Relationship to other research
A recent UK study of variation in process and outcomes of care between specialists clustered within hospitals showed that doctor variation exceeded hospital variation,22 but clustering effects were small (most ICCs between 0.005 and 0.05) in contrast to those seen in our study (0.21–0.37). Two studies from Italy found that postdischarge care for cardiac23 and respiratory24 disease showed greater variation due to hospital than primary care practitioner, but this may not be surprising as one would expect treatment to be dictated by the hospital and followed by the GPs. A further study examining primary care antibiotic prescribing demonstrated variation attributable to region.25
Analyses at practice level have indicated that lower fast-track referral rates were associated with poorer 1 year cancer survival4 and that lower endoscopy referral rates are associated with lower rates of curative surgery for upper gastrointestinal surgery.26 Meanwhile analysis at regional level has recently demonstrated substantial variation in aggressive treatment for lung cancer is associated with differences in survival.27
Meaning of the study
Our data indicate a pressing need to extend the focus on variation beyond the GP consulting room and into the wider health services. While the majority of variation between practices remains unexplained, the extent of variation at the level of primary care organisation and secondary care provider suggests that GPs in different areas are effectively referring into different systems that are performing differently. Until this is better understood, there needs to be caution about publishing national GP benchmarking figures that may be highly dependent on wider services and circumstances.

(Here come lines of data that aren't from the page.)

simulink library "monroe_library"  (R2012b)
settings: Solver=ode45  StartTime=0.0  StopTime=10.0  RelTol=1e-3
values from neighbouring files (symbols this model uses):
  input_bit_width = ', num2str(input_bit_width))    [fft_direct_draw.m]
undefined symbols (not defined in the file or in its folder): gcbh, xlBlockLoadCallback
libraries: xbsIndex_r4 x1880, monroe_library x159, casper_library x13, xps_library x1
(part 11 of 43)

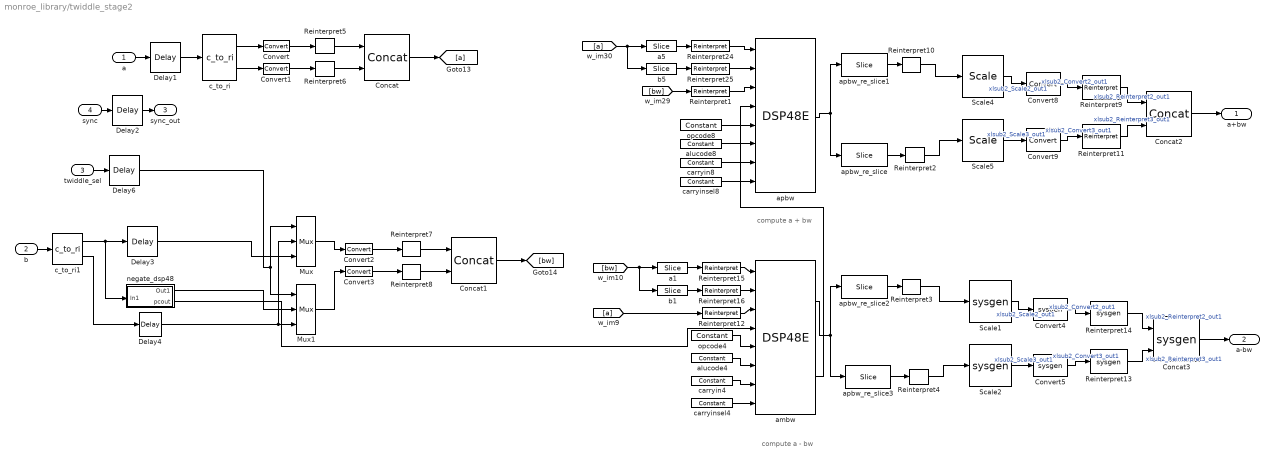
== system monroe_library/twiddle_stage2 ==
  note: compute a + bw
  note: compute a - bw
  a : Inport
  b : Inport  Port=2
  twiddle_sel : Inport  Port=3
  sync : Inport  Port=4
  Concat : xbsIndex_r4/Concat  num_inputs=2  dbl_ovrd=off  block_type=concat
      settings: block_version=11.3
  Concat1 : xbsIndex_r4/Concat  num_inputs=2  dbl_ovrd=off  block_type=concat
      settings: block_version=11.3
  Concat2 : xbsIndex_r4/Concat  num_inputs=2  dbl_ovrd=off  block_type=concat
  Concat3 : S-Function  LoadFcn=xlBlockLoadCallback(gcbh);  FunctionName=sysgen  Parameters=ptable_  EnableBusSupport=off  mask(Xilinx Bus Concatenator Block){infoedit=Concatenates two or more inputs.  Output will be cast to an unsigned value with the binary point at zero., num_inputs=2, dbl_ovrd_sgadvanced=, dbl_ovrd=off, has_advanced_control=0, sggui_pos=-1,-1,-1,-1, block_type=concat, block_version=, sg_icon_stat=60,60,2,1,white,blue,0,16398980,right,,[ ],[ ], sg_mask_display=|, sg_list_contents=, sg_blockgui_xml=}
      mask sg_mask_display=|
      | fprintf('','COMMENT: begin icon graphics');
      | patch([0 60 60 0 0 ],[0 0 60 60 0 ],[0.77 0.82 0.91 ]);
      | plot([0 60 60 0 0 ],[0 0 60 60 0 ]);
      | patch([12.2 23.76 31.76 39.76 47.76 31.76 20.2 12.2 ],[38.88 38.88 46.88 38.88 46.88 46.88 46.88 38.88 ],[1 1 1 ]);
      | patch([20.2 31.76 23.76 12.2 20.2 ],[30.88 30.88 38.88 38.88 30.88 ],[0.931 0.946 0.973 ]);
      | patch([12.2 23.76 31.76 20.2 12.2 ],[22.88 22.88 30.88 30.88 22.88 ],[1 1 1 ]);
      | patch([20.2 47.76 39.76 31.76 23.76 12.2 20.2 ],[14.88 14.88 22.88 14.88 22.88 22.88 14.88 ],[0.931 0.946 0.973 ]);
      | fprintf('','COMMENT: end icon graphics');
      | fprintf('','COMMENT: begin icon text');
      | color('black');port_label('input',1,'hi');
      | color('black');port_label('input',2,'lo');
      |
      | color('black');disp('\fontsize{20}\}','texmode','on');
      | fprintf('','COMMENT: end icon text');
      mask prompts: infoedit ""; num_inputs "Number of inputs"; dbl_ovrd_sgadvanced ""; dbl_ovrd "Override with doubles"; has_advanced_control ""; sggui_pos ""; block_type ""; block_version ""; sg_icon_stat ""; sg_mask_display ""; sg_list_contents ""; sg_blockgui_xml ""
      mask help: Concatenates two or more inputs. Output will be cast to an unsigned value with the binary point at zero.
      mask init: same as monroe_library/double_delay_bram_external_counter/Concat1
      settings: CopyFcn=xlBlockMoveCallback(gcbh);  DeleteFcn=xlDestroyGui(gcbh);  ModelCloseFcn=xlDestroyGui(gcbh);  PreSaveFcn=xlBlockPreSaveCallback(gcbh);  PostSaveFcn=xlBlockPostSaveCallback(gcbh);  DestroyFcn=xlDestroyGui(gcbh);  OpenFcn=xlOpenGui(gcbh, 'concat_gui.xml', @xlmagicenablement, -1)  CloseFcn=xlDestroyGui(gcbh);  MoveFcn=xlBlockMoveCallback(gcbh);
      mask Help: eval('');xlDoc('-book','sysgen','-topic','Concat');
      mask Display:
      | fprintf('','COMMENT: begin icon graphics');
      | patch([0 60 60 0 0 ],[0 0 60 60 0 ],[0.77 0.82 0.91 ]);
      | plot([0 60 60 0 0 ],[0 0 60 60 0 ]);
      | patch([12.2 23.76 31.76 39.76 47.76 31.76 20.2 12.2 ],[38.88 38.88 46.88 38.88 46.88 46.88 46.88 38.88 ],[1 1 1 ]);
      | patch([20.2 31.76 23.76 12.2 20.2 ],[30.88 30.88 38.88 38.88 30.88 ],[0.931 0.946 0.973 ]);
      | patch([12.2 23.76 31.76 20.2 12.2 ],[22.88 22.88 30.88 30.88 22.88 ],[1 1 1 ]);
      | patch([20.2 47.76 39.76 31.76 23.76 12.2 20.2 ],[14.88 14.88 22.88 14.88 22.88 22.88 14.88 ],[0.931 0.946 0.973 ]);
      | fprintf('','COMMENT: end icon graphics');
      | fprintf('','COMMENT: begin icon text');
      | color('black');port_label('input',1,'hi');
      | color('black');port_label('input',2,'lo');
      | 
      | color('black');disp('\fontsize{20}\}','texmode','on');
      | fprintf('','COMMENT: end icon text');
  Convert{,1..3} (4 alike) : xbsIndex_r4/Convert  arith_type="Signed  (2's comp)"  n_bits=24  bin_pt=input_bit_width-1  quantization=Truncate  overflow=Wrap  en=off  latency=0  dbl_ovrd=off  pipeline=off  block_type=convert
      settings: block_version=11.4
  Convert4 : S-Function  LoadFcn=xlBlockLoadCallback(gcbh);  FunctionName=sysgen  Parameters=ptable_  EnableBusSupport=off  mask(Xilinx Type Converter Block){infoedit=Hardware notes: rounding and saturating require hardware resources; truncating and wrapping do not., arith_type_sgadvanced=, arith_type=Signed  (2's comp), n_bits=out_n_bits, bin_pt=out_n_bits-1, quantization_sgadvanced=, quantization=Truncate, overflow_sgadvanced=, overflow=Wrap, en_sgadvanced=, en=off, latency=0, dbl_ovrd_sgadvanced=, dbl_ovrd=off, pipeline_sgadvanced=, pipeline=off, xl_use_area_sgadvanced=, xl_use_area=off, xl_area=[0,0,0,0,0,0,0], has_advanced_control=0, sggui_pos=-1,-1,-1,-1, block_type=convert, block_version=, sg_icon_stat=45,30,1,1,white,blue,0,edca21da,right,,[ ],[ ], sg_mask_display=|, sg_list_contents=, sg_blockgui_xml=}
      mask sg_mask_display=|
      | fprintf('','COMMENT: begin icon graphics');
      | patch([0 45 45 0 0 ],[0 0 30 30 0 ],[0.77 0.82 0.91 ]);
      | plot([0 45 45 0 0 ],[0 0 30 30 0 ]);
      | patch([13.1 18.88 22.88 26.88 30.88 22.88 17.1 13.1 ],[19.44 19.44 23.44 19.44 23.44 23.44 23.44 19.44 ],[1 1 1 ]);
      | patch([17.1 22.88 18.88 13.1 17.1 ],[15.44 15.44 19.44 19.44 15.44 ],[0.931 0.946 0.973 ]);
      | patch([13.1 18.88 22.88 17.1 13.1 ],[11.44 11.44 15.44 15.44 11.44 ],[1 1 1 ]);
      | patch([17.1 30.88 26.88 22.88 18.88 13.1 17.1 ],[7.44 7.44 11.44 7.44 11.44 11.44 7.44 ],[0.931 0.946 0.973 ]);
      | fprintf('','COMMENT: end icon graphics');
      | fprintf('','COMMENT: begin icon text');
      |
      | color('black');port_label('output',1,'cast');
      | fprintf('','COMMENT: end icon text');
      mask prompts: infoedit ""; arith_type_sgadvanced ""; arith_type "Type"; n_bits "Number of bits"; bin_pt "Binary point"; quantization_sgadvanced ""; overflow_sgadvanced ""; en_sgadvanced ""; en "Provide enable port"; dbl_ovrd_sgadvanced ""; dbl_ovrd "Override with doubles"; pipeline_sgadvanced ""; pipeline "Pipeline for maximum performance"; xl_use_area_sgadvanced ""; xl_use_area "Define FPGA area for resource estimation"; xl_area "FPGA area [slices, FFs, BRAMs, LUTs, IOBs, emb. mults, TBUFs]"; has_advanced_control ""; sggui_pos ""; block_type ""; block_version ""; sg_icon_stat ""; sg_mask_display ""; sg_list_contents ""; sg_blockgui_xml ""
      mask help: Hardware notes: rounding and saturating require hardware resources; truncating and wrapping do not.
      mask init: same as monroe_library/dsp48e_mult_add_pcin/Convert
      settings: CopyFcn=xlBlockMoveCallback(gcbh);  DeleteFcn=xlDestroyGui(gcbh);  ModelCloseFcn=xlDestroyGui(gcbh);  PreSaveFcn=xlBlockPreSaveCallback(gcbh);  PostSaveFcn=xlBlockPostSaveCallback(gcbh);  DestroyFcn=xlDestroyGui(gcbh);  OpenFcn=xlOpenGui(gcbh, 'convert_gui.xml', @convertenablement, -1)  CloseFcn=xlDestroyGui(gcbh);  MoveFcn=xlBlockMoveCallback(gcbh);
      mask Help: eval('');xlDoc('-book','sysgen','-topic','Convert');
      mask TypeOptions arith_type: Boolean | Signed  (2's comp) | Unsigned
      mask TypeOptions quantization: Truncate | Round  (unbiased: +/- Inf) | Round  (unbiased: Even Values)
      mask TypeOptions overflow: Wrap | Saturate | Flag as error
      mask Display:
      | fprintf('','COMMENT: begin icon graphics');
      | patch([0 45 45 0 0 ],[0 0 30 30 0 ],[0.77 0.82 0.91 ]);
      | plot([0 45 45 0 0 ],[0 0 30 30 0 ]);
      | patch([13.1 18.88 22.88 26.88 30.88 22.88 17.1 13.1 ],[19.44 19.44 23.44 19.44 23.44 23.44 23.44 19.44 ],[1 1 1 ]);
      | patch([17.1 22.88 18.88 13.1 17.1 ],[15.44 15.44 19.44 19.44 15.44 ],[0.931 0.946 0.973 ]);
      | patch([13.1 18.88 22.88 17.1 13.1 ],[11.44 11.44 15.44 15.44 11.44 ],[1 1 1 ]);
      | patch([17.1 30.88 26.88 22.88 18.88 13.1 17.1 ],[7.44 7.44 11.44 7.44 11.44 11.44 7.44 ],[0.931 0.946 0.973 ]);
      | fprintf('','COMMENT: end icon graphics');
      | fprintf('','COMMENT: begin icon text');
      | 
      | color('black');port_label('output',1,'cast');
      | fprintf('','COMMENT: end icon text');
  Convert5 : S-Function  LoadFcn=xlBlockLoadCallback(gcbh);  FunctionName=sysgen  Parameters=ptable_  EnableBusSupport=off  mask(Xilinx Type Converter Block){infoedit=Hardware notes: rounding and saturating require hardware resources; truncating and wrapping do not., arith_type_sgadvanced=, arith_type=Signed  (2's comp), n_bits=out_n_bits, bin_pt=out_n_bits-1, quantization_sgadvanced=, quantization=Truncate, overflow_sgadvanced=, overflow=Wrap, en_sgadvanced=, en=off, latency=0, dbl_ovrd_sgadvanced=, dbl_ovrd=off, pipeline_sgadvanced=, pipeline=off, xl_use_area_sgadvanced=, xl_use_area=off, xl_area=[0,0,0,0,0,0,0], has_advanced_control=0, sggui_pos=-1,-1,-1,-1, block_type=convert, block_version=, sg_icon_stat=45,30,1,1,white,blue,0,edca21da,right,,[ ],[ ], sg_mask_display=|, sg_list_contents=, sg_blockgui_xml=}
      mask sg_mask_display=|
      | fprintf('','COMMENT: begin icon graphics');
      | patch([0 45 45 0 0 ],[0 0 30 30 0 ],[0.77 0.82 0.91 ]);
      | plot([0 45 45 0 0 ],[0 0 30 30 0 ]);
      | patch([13.1 18.88 22.88 26.88 30.88 22.88 17.1 13.1 ],[19.44 19.44 23.44 19.44 23.44 23.44 23.44 19.44 ],[1 1 1 ]);
      | patch([17.1 22.88 18.88 13.1 17.1 ],[15.44 15.44 19.44 19.44 15.44 ],[0.931 0.946 0.973 ]);
      | patch([13.1 18.88 22.88 17.1 13.1 ],[11.44 11.44 15.44 15.44 11.44 ],[1 1 1 ]);
      | patch([17.1 30.88 26.88 22.88 18.88 13.1 17.1 ],[7.44 7.44 11.44 7.44 11.44 11.44 7.44 ],[0.931 0.946 0.973 ]);
      | fprintf('','COMMENT: end icon graphics');
      | fprintf('','COMMENT: begin icon text');
      |
      | color('black');port_label('output',1,'cast');
      | fprintf('','COMMENT: end icon text');
      mask prompts: infoedit ""; arith_type_sgadvanced ""; arith_type "Type"; n_bits "Number of bits"; bin_pt "Binary point"; quantization_sgadvanced ""; overflow_sgadvanced ""; en_sgadvanced ""; en "Provide enable port"; dbl_ovrd_sgadvanced ""; dbl_ovrd "Override with doubles"; pipeline_sgadvanced ""; pipeline "Pipeline for maximum performance"; xl_use_area_sgadvanced ""; xl_use_area "Define FPGA area for resource estimation"; xl_area "FPGA area [slices, FFs, BRAMs, LUTs, IOBs, emb. mults, TBUFs]"; has_advanced_control ""; sggui_pos ""; block_type ""; block_version ""; sg_icon_stat ""; sg_mask_display ""; sg_list_contents ""; sg_blockgui_xml ""
      mask help: Hardware notes: rounding and saturating require hardware resources; truncating and wrapping do not.
      mask init: same as monroe_library/dsp48e_mult_add_pcin/Convert
      settings: CopyFcn=xlBlockMoveCallback(gcbh);  DeleteFcn=xlDestroyGui(gcbh);  ModelCloseFcn=xlDestroyGui(gcbh);  PreSaveFcn=xlBlockPreSaveCallback(gcbh);  PostSaveFcn=xlBlockPostSaveCallback(gcbh);  DestroyFcn=xlDestroyGui(gcbh);  OpenFcn=xlOpenGui(gcbh, 'convert_gui.xml', @convertenablement, -1)  CloseFcn=xlDestroyGui(gcbh);  MoveFcn=xlBlockMoveCallback(gcbh);
      mask Help: eval('');xlDoc('-book','sysgen','-topic','Convert');
      mask TypeOptions arith_type: Boolean | Signed  (2's comp) | Unsigned
      mask TypeOptions quantization: Truncate | Round  (unbiased: +/- Inf) | Round  (unbiased: Even Values)
      mask TypeOptions overflow: Wrap | Saturate | Flag as error
      mask Display:
      | fprintf('','COMMENT: begin icon graphics');
      | patch([0 45 45 0 0 ],[0 0 30 30 0 ],[0.77 0.82 0.91 ]);
      | plot([0 45 45 0 0 ],[0 0 30 30 0 ]);
      | patch([13.1 18.88 22.88 26.88 30.88 22.88 17.1 13.1 ],[19.44 19.44 23.44 19.44 23.44 23.44 23.44 19.44 ],[1 1 1 ]);
      | patch([17.1 22.88 18.88 13.1 17.1 ],[15.44 15.44 19.44 19.44 15.44 ],[0.931 0.946 0.973 ]);
      | patch([13.1 18.88 22.88 17.1 13.1 ],[11.44 11.44 15.44 15.44 11.44 ],[1 1 1 ]);
      | patch([17.1 30.88 26.88 22.88 18.88 13.1 17.1 ],[7.44 7.44 11.44 7.44 11.44 11.44 7.44 ],[0.931 0.946 0.973 ]);
      | fprintf('','COMMENT: end icon graphics');
      | fprintf('','COMMENT: begin icon text');
      | 
      | color('black');port_label('output',1,'cast');
      | fprintf('','COMMENT: end icon text');
  Convert8 : xbsIndex_r4/Convert  arith_type="Signed  (2's comp)"  n_bits=out_n_bits  bin_pt=out_n_bits-1  quantization=Truncate  overflow=Wrap  en=off  latency=0  dbl_ovrd=off  pipeline=off  block_type=convert
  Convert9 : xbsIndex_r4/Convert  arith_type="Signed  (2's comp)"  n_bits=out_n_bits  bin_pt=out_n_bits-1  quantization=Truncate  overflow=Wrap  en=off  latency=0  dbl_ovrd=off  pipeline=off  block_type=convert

This higher level variation requires further exploration. From the current data, we are not able to establish how much the observed differences are due to capacity within diagnostic and specialist services, to ways in which referral criteria are applied locally or to other cultural factors. The finding that clustering of detection rate is greater than clustering of referral rate suggests that capacity in secondary care is not the only factor. While adjusting for referral rate reduced the observed clustering of detection rate (from ICC of 0.42 to 0.37), this remained very substantial. Further research should consider combining analysis of routine data with in-depth approaches such as ethnography.
Sources of primary care practice variation appear to extend beyond the practice boundaries. Efforts to reduce variation in suspected cancer referrals need to focus not just on individual practices but on local diagnostic and specialist service provision and culture.
Contributors CB and PM conceived and designed the study; CB, LO and PO conducted the analysis. CB drafted the manuscript and PM and PO critiqued the paper for important intellectual content.
Funding The authors have not declared a specific grant for this research from any funding agency in the public, commercial or not-for-profit sectors.
Competing interests None declared.
Patient consent for publication Not required.
Provenance and peer review Not commissioned; externally peer reviewed.
Data availability statement Data are available in a public, open access repository.